# Required work
Transcribe exactly the line that contains "# Sketch1 → Base-Flange1 (new body)" and each line that comes after it in the material, the last line included, and nothing more.

# Data excerpts

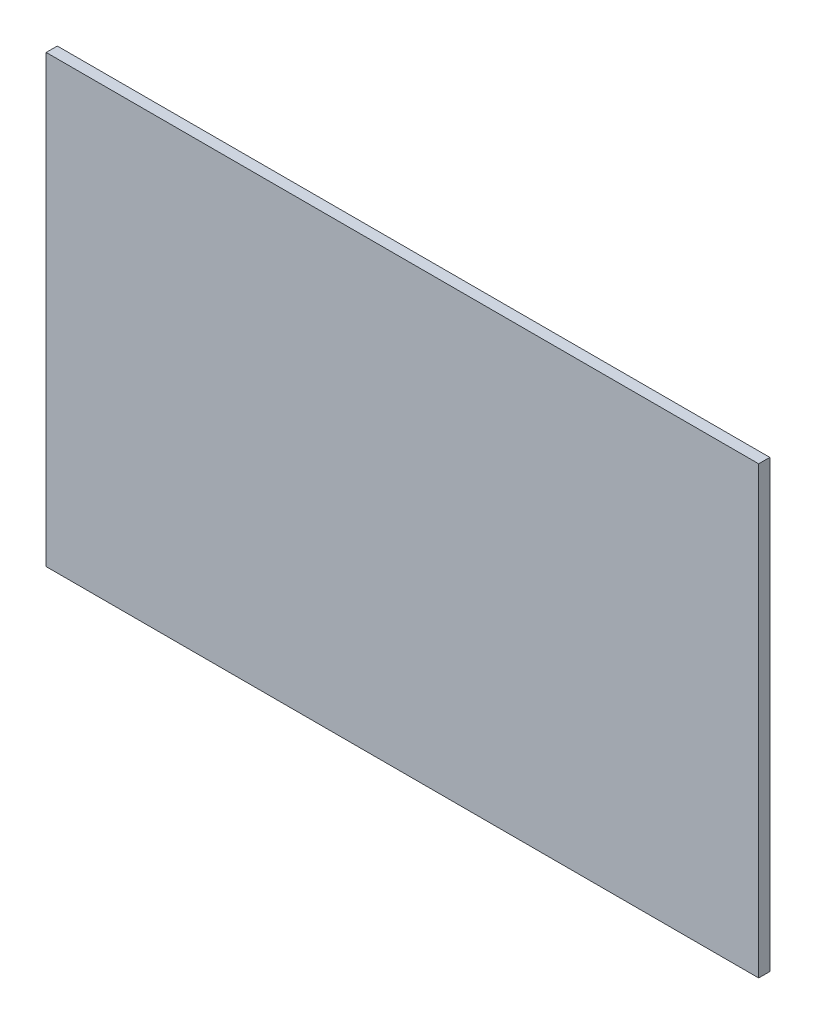
from build123d import *

# Parameters (mm, degrees)
SKETCH1_W          = 320
SKETCH1_H          = 200
BASE_FLANGE1_DEPTH = 5


# Sheet-metal steps are written as plain solids
with BuildPart() as part:
    # Sketch1 → Base-Flange1 (new body)
    with BuildSketch(Plane.XY):
        Rectangle(SKETCH1_W, SKETCH1_H)
    extrude(amount=-BASE_FLANGE1_DEPTH)


solid = part.part

# Your solution
    # Sketch1 → Base-Flange1 (new body)
    with BuildSketch(Plane.XY):
        Rectangle(SKETCH1_W, SKETCH1_H)
    extrude(amount=-BASE_FLANGE1_DEPTH)


solid = part.part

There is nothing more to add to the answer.